If you have a rare disease with any kind of physical abnormality, then you most likely get a few stares when you’re out in public, maybe even on a daily basis (I sure do). And I’m going to be honest—it hurts. No matter how old you get or how confident you get, staring is one thing that can really sting. It can be difficult to cope with this experience because of how recurring it is. Consistent, everyday negative attention might give you the feeling of constantly getting torn down emotionally. It’s not a pleasant thing. Having gone through this nearly every day of my life, I’ve built up some coping strategies to help me get through it. There are many points to remember when facing a hardship like this, but here are 5 significant ones that may help you get past some of those rude, ignorant stares.
1. They don’t know what you’ve been through.
I’m sure you’ve noticed this, but strangers are the worst of them when it comes to the problem of staring. People don’t have the right to make you feel any negative way, especially total strangers. They don’t know who you are, what hardships you’ve been through, or where you’re going. If you have CLOVES Syndrome or any other rare chronic disease, you’ve undoubtedly been through a lot. You don’t deserve anyone tearing you down, especially strangers on the street who have no idea who you are. If they knew a fraction of what you’ve been through, they would not act in such a harmful way towards you. But they don’t know about your past because they are just the blurry people you pass on the way into the grocery store or on a walk in the park. They’re just strangers—why waste time stressing about them?
2. Keep your chin up.
No matter what happens, no matter how many people choose to stare, always remember to keep your chin up. You know you are better than the people impolitely looking at a part of your body. You know what you’ve been through. You know who you are. While it’s difficult sometimes, there is so much strength in holding your head up, strutting by, and leaving those people in the dust. Try your best to not let them get to you; they are just not worth it. You are strong, and that’s why you can do this.
3. They’re most likely staring because it’s new.
While there are many people that are rude about their stares, there are many others that stare because they’ve never quite seen anyone like you. Because you have such a rare disease, this is something completely new to people who aren’t educated on your syndrome. They might have trouble not staring because they are trying to figure out what you’ve been through. Some of those people may go as far as to ask, which I personally think is the best way for someone to go about their actions. When they ask, they care enough to learn more about you and a syndrome they may have never heard of. If they don’t ask, so what? Like I said, not worth the stress. But it’s always important to keep in mind that most people stare simply because they have never seen a rare syndrome such as yours before. That doesn’t make it okay to stare, but it does help sometimes to know why some people do it.
4. You have the right to confront them, especially when it gets particularly bad.
It took a while for me to confront people, but once I finally built up the courage to do it, I almost always do it now. If people are being particularly rude, just march right up to them and say, “What are you looking at?” This will startle them for sure because they think for some reason you can’t see that they’re talking about you (um hello? I have eyes?). When you confront them, sometimes you can get a little laugh in as you watch the color drain from their face in embarrassment. Most of the time, they’ll get real uncomfortable, mutter something, and run away. I really get a kick out of those ones. That just proves those types of people aren’t worth your stress. And you get a little entertainment out of it as well.

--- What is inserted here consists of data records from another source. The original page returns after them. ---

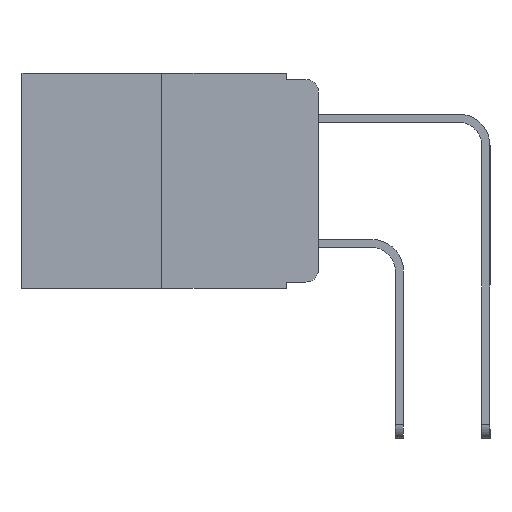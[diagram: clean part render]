
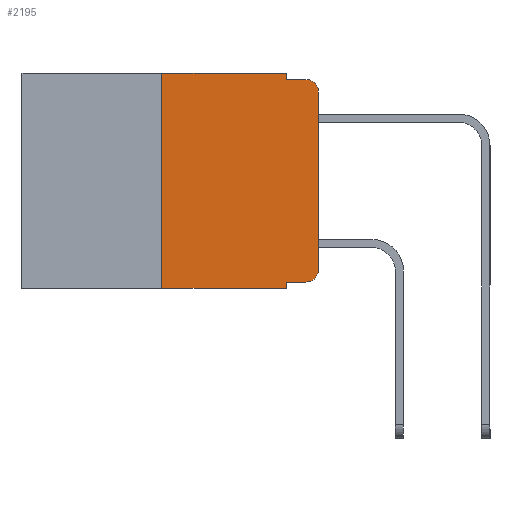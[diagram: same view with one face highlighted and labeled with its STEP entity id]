
A CAD part, left-side view. The second image highlights one B-rep face of the part: STEP entity #2195.
In plain terms, the highlighted planar face has unit normal (-1, 0, 0).
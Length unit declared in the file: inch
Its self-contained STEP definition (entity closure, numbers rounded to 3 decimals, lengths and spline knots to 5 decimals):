
#108 = CIRCLE ( 'NONE', #7573, 0.02 ) ;
#112 = LINE ( 'NONE', #2387, #3016 ) ;
#264 = PLANE ( 'NONE',  #1719 ) ;
#511 = ORIENTED_EDGE ( 'NONE', *, *, #7250, .F. ) ;
#671 = VERTEX_POINT ( 'NONE', #11287 ) ;
#692 = DIRECTION ( 'NONE',  ( 0., 0., -1. ) ) ;
#811 = CARTESIAN_POINT ( 'NONE',  ( 0., 0.473, 0. ) ) ;
#914 = ORIENTED_EDGE ( 'NONE', *, *, #9636, .T. ) ;
#960 = DIRECTION ( 'NONE',  ( 0., -1., 0. ) ) ;
#1039 = EDGE_CURVE ( 'NONE', #1323, #6311, #2866, .T. ) ;
#1323 = VERTEX_POINT ( 'NONE', #10983 ) ;
#1545 = ORIENTED_EDGE ( 'NONE', *, *, #4286, .T. ) ;
#1719 = AXIS2_PLACEMENT_3D ( 'NONE', #811, #10977, #692 ) ;
#1778 = EDGE_CURVE ( 'NONE', #13021, #4450, #8793, .T. ) ;
#1879 = ORIENTED_EDGE ( 'NONE', *, *, #8302, .F. ) ;
#2195 = ADVANCED_FACE ( 'NONE', ( #4832 ), #264, .F. ) ;
#2387 = CARTESIAN_POINT ( 'NONE',  ( 0., 0.051, -0.333 ) ) ;
#2488 = EDGE_CURVE ( 'NONE', #5828, #1323, #112, .T. ) ;
#2866 = CIRCLE ( 'NONE', #7673, 0.02 ) ;
#2902 = ORIENTED_EDGE ( 'NONE', *, *, #3530, .F. ) ;
#3016 = VECTOR ( 'NONE', #5678, 39.37008 ) ;
#3381 = VERTEX_POINT ( 'NONE', #6296 ) ;
#3505 = ORIENTED_EDGE ( 'NONE', *, *, #10499, .T. ) ;
#3530 = EDGE_CURVE ( 'NONE', #5439, #5777, #13121, .T. ) ;
#3542 = DIRECTION ( 'NONE',  ( 0., 0., -1. ) ) ;
#3568 = CARTESIAN_POINT ( 'NONE',  ( 0., 0.051, 0. ) ) ;
#3664 = LINE ( 'NONE', #7197, #8765 ) ;
#4161 = DIRECTION ( 'NONE',  ( 0., 0., 1. ) ) ;
#4286 = EDGE_CURVE ( 'NONE', #5439, #6856, #12035, .T. ) ;
#4387 = DIRECTION ( 'NONE',  ( 0., -1., 0. ) ) ;
#4450 = VERTEX_POINT ( 'NONE', #5473 ) ;
#4791 = CARTESIAN_POINT ( 'NONE',  ( 0., 0.02, -0.03 ) ) ;
#4832 = FACE_OUTER_BOUND ( 'NONE', #7672, .T. ) ;
#4852 = LINE ( 'NONE', #3568, #7277 ) ;
#4964 = CARTESIAN_POINT ( 'NONE',  ( 0., 0.25, 0. ) ) ;
#5337 = ORIENTED_EDGE ( 'NONE', *, *, #9364, .F. ) ;
#5439 = VERTEX_POINT ( 'NONE', #12141 ) ;
#5473 = CARTESIAN_POINT ( 'NONE',  ( 0., 0.051, -0.01 ) ) ;
#5671 = VECTOR ( 'NONE', #8072, 39.37008 ) ;
#5678 = DIRECTION ( 'NONE',  ( 0., -1., 0. ) ) ;
#5777 = VERTEX_POINT ( 'NONE', #8673 ) ;
#5828 = VERTEX_POINT ( 'NONE', #7780 ) ;
#5852 = DIRECTION ( 'NONE',  ( 0., 0., -1. ) ) ;
#6015 = LINE ( 'NONE', #7058, #5671 ) ;
#6269 = DIRECTION ( 'NONE',  ( -1., 0., 0. ) ) ;
#6296 = CARTESIAN_POINT ( 'NONE',  ( 0., 0., -0.03 ) ) ;
#6311 = VERTEX_POINT ( 'NONE', #8401 ) ;
#6856 = VERTEX_POINT ( 'NONE', #11225 ) ;
#7058 = CARTESIAN_POINT ( 'NONE',  ( 0., 0.051, -0.01 ) ) ;
#7197 = CARTESIAN_POINT ( 'NONE',  ( 0., 0., 0. ) ) ;
#7250 = EDGE_CURVE ( 'NONE', #4450, #671, #6015, .T. ) ;
#7277 = VECTOR ( 'NONE', #11674, 39.37008 ) ;
#7467 = CARTESIAN_POINT ( 'NONE',  ( 0., 0.473, 0. ) ) ;
#7573 = AXIS2_PLACEMENT_3D ( 'NONE', #4791, #11863, #5852 ) ;
#7672 = EDGE_LOOP ( 'NONE', ( #3505, #914, #511, #9010, #5337, #2902, #1545, #1879, #10424, #13045 ) ) ;
#7673 = AXIS2_PLACEMENT_3D ( 'NONE', #12060, #6269, #12127 ) ;
#7780 = CARTESIAN_POINT ( 'NONE',  ( 0., 0.051, -0.333 ) ) ;
#8072 = DIRECTION ( 'NONE',  ( 0., -1., 0. ) ) ;
#8115 = CARTESIAN_POINT ( 'NONE',  ( 0., 0.051, 0. ) ) ;
#8122 = DIRECTION ( 'NONE',  ( 0., 0., 1. ) ) ;
#8302 = EDGE_CURVE ( 'NONE', #5828, #6856, #4852, .T. ) ;
#8401 = CARTESIAN_POINT ( 'NONE',  ( 0., 0., -0.313 ) ) ;
#8673 = CARTESIAN_POINT ( 'NONE',  ( 0., 0.25, 0. ) ) ;
#8765 = VECTOR ( 'NONE', #4161, 39.37008 ) ;
#8793 = LINE ( 'NONE', #8115, #11016 ) ;
#9010 = ORIENTED_EDGE ( 'NONE', *, *, #1778, .F. ) ;
#9364 = EDGE_CURVE ( 'NONE', #5777, #13021, #13295, .T. ) ;
#9381 = VECTOR ( 'NONE', #960, 39.37008 ) ;
#9636 = EDGE_CURVE ( 'NONE', #3381, #671, #108, .T. ) ;
#10284 = CARTESIAN_POINT ( 'NONE',  ( 0., 0.051, 0. ) ) ;
#10424 = ORIENTED_EDGE ( 'NONE', *, *, #2488, .T. ) ;
#10499 = EDGE_CURVE ( 'NONE', #6311, #3381, #3664, .T. ) ;
#10697 = VECTOR ( 'NONE', #4387, 39.37008 ) ;
#10977 = DIRECTION ( 'NONE',  ( 1., 0., 0. ) ) ;
#10983 = CARTESIAN_POINT ( 'NONE',  ( 0., 0.02, -0.333 ) ) ;
#11016 = VECTOR ( 'NONE', #3542, 39.37008 ) ;
#11225 = CARTESIAN_POINT ( 'NONE',  ( 0., 0.051, -0.343 ) ) ;
#11287 = CARTESIAN_POINT ( 'NONE',  ( 0., 0.02, -0.01 ) ) ;
#11674 = DIRECTION ( 'NONE',  ( 0., 0., -1. ) ) ;
#11863 = DIRECTION ( 'NONE',  ( -1., 0., 0. ) ) ;
#12035 = LINE ( 'NONE', #12240, #9381 ) ;
#12060 = CARTESIAN_POINT ( 'NONE',  ( 0., 0.02, -0.313 ) ) ;
#12127 = DIRECTION ( 'NONE',  ( 0., 0., -1. ) ) ;
#12141 = CARTESIAN_POINT ( 'NONE',  ( 0., 0.25, -0.343 ) ) ;
#12240 = CARTESIAN_POINT ( 'NONE',  ( 0., 0.473, -0.343 ) ) ;
#12817 = VECTOR ( 'NONE', #8122, 39.37008 ) ;
#13021 = VERTEX_POINT ( 'NONE', #10284 ) ;
#13045 = ORIENTED_EDGE ( 'NONE', *, *, #1039, .T. ) ;
#13121 = LINE ( 'NONE', #4964, #12817 ) ;
#13295 = LINE ( 'NONE', #7467, #10697 ) ;
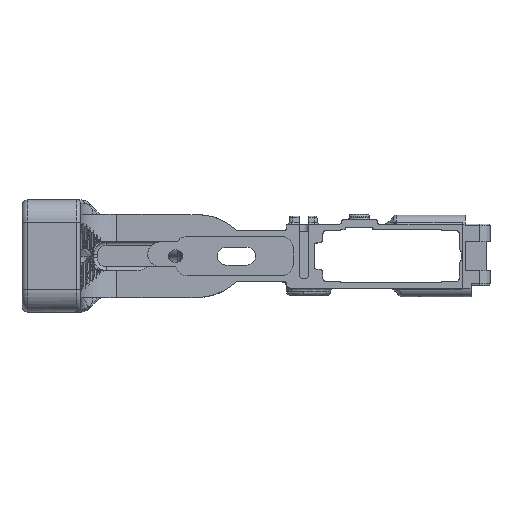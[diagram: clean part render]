
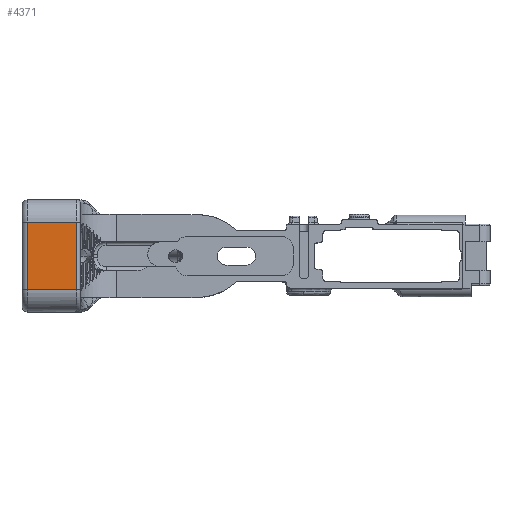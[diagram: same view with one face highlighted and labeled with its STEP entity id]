
A CAD part, top view. The second image highlights one B-rep face of the part: STEP entity #4371.
In plain terms, the highlighted planar face has unit normal (0, 0, 1).
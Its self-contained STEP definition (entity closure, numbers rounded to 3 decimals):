
#1927 = VECTOR ( 'NONE', #30996, 1000. ) ;
#3096 = ORIENTED_EDGE ( 'NONE', *, *, #26245, .T. ) ;
#4371 = ADVANCED_FACE ( 'NONE', ( #53764 ), #8702, .T. ) ;
#6924 = ORIENTED_EDGE ( 'NONE', *, *, #23771, .T. ) ;
#7688 = LINE ( 'NONE', #34631, #39888 ) ;
#8702 = PLANE ( 'NONE',  #45141 ) ;
#13790 = VERTEX_POINT ( 'NONE', #24091 ) ;
#14318 = DIRECTION ( 'NONE',  ( -1., 0., 0. ) ) ;
#14360 = CARTESIAN_POINT ( 'NONE',  ( -78.86, -34.921, 52.476 ) ) ;
#14503 = EDGE_CURVE ( 'NONE', #18856, #36824, #53161, .T. ) ;
#18856 = VERTEX_POINT ( 'NONE', #56684 ) ;
#21033 = VECTOR ( 'NONE', #44992, 1000. ) ;
#22769 = CARTESIAN_POINT ( 'NONE',  ( -89.794, -44.921, 52.476 ) ) ;
#22886 = DIRECTION ( 'NONE',  ( -1., 0., 0. ) ) ;
#22977 = CARTESIAN_POINT ( 'NONE',  ( -78.86, -4.921, 52.476 ) ) ;
#23727 = ORIENTED_EDGE ( 'NONE', *, *, #14503, .F. ) ;
#23771 = EDGE_CURVE ( 'NONE', #37577, #13790, #34310, .T. ) ;
#24091 = CARTESIAN_POINT ( 'NONE',  ( -89.794, -4.921, 52.476 ) ) ;
#26245 = EDGE_CURVE ( 'NONE', #18856, #37577, #7688, .T. ) ;
#30996 = DIRECTION ( 'NONE',  ( 0., -1., 0. ) ) ;
#31911 = EDGE_CURVE ( 'NONE', #13790, #36824, #35503, .T. ) ;
#34310 = LINE ( 'NONE', #22977, #54802 ) ;
#34443 = DIRECTION ( 'NONE',  ( 0., 1., 0. ) ) ;
#34631 = CARTESIAN_POINT ( 'NONE',  ( -67.834, -4.921, 52.476 ) ) ;
#35012 = CARTESIAN_POINT ( 'NONE',  ( -89.794, -34.921, 52.476 ) ) ;
#35503 = LINE ( 'NONE', #22769, #1927 ) ;
#36824 = VERTEX_POINT ( 'NONE', #35012 ) ;
#37577 = VERTEX_POINT ( 'NONE', #47884 ) ;
#39888 = VECTOR ( 'NONE', #34443, 1000. ) ;
#44676 = CARTESIAN_POINT ( 'NONE',  ( -78.86, -44.921, 52.476 ) ) ;
#44992 = DIRECTION ( 'NONE',  ( -1., 0., 0. ) ) ;
#45141 = AXIS2_PLACEMENT_3D ( 'NONE', #44676, #49069, #22886 ) ;
#47884 = CARTESIAN_POINT ( 'NONE',  ( -67.834, -4.921, 52.476 ) ) ;
#49069 = DIRECTION ( 'NONE',  ( 0., 0., 1. ) ) ;
#49116 = EDGE_LOOP ( 'NONE', ( #6924, #50035, #23727, #3096 ) ) ;
#50035 = ORIENTED_EDGE ( 'NONE', *, *, #31911, .T. ) ;
#53161 = LINE ( 'NONE', #14360, #21033 ) ;
#53764 = FACE_OUTER_BOUND ( 'NONE', #49116, .T. ) ;
#54802 = VECTOR ( 'NONE', #14318, 1000. ) ;
#56684 = CARTESIAN_POINT ( 'NONE',  ( -67.834, -34.921, 52.476 ) ) ;

Or, this presents the opportunity for someone to ask about you. Maybe they were too nervous or uncomfortable to come up to you and ask what happened. If you initiate the conversation, maybe they will take that chance to ask the question they were thinking: “What happened?” At that point, you can tell them about your syndrome. You can educate them on the rare disease you have. This is the best outcome of situations like these because you actually get the chance to teach someone about your rare disease. I always say the more that people know, the less they stare.
5. They simply aren’t worth it!!
Last and most important, the rude ones aren’t worth it! Unfortunately, people are going to stare. And some people will be very obvious about it and very rude about it. But you know what? Their disrespect isn’t worth stressing over. It’s going to get under your skin, but remember that you are more than what they make you feel you are. The rude stares and whispers might sting, but you are so much more than that. While it’s unavoidable to feel a certain way when these people stare at you, it is avoidable to let it really get to you.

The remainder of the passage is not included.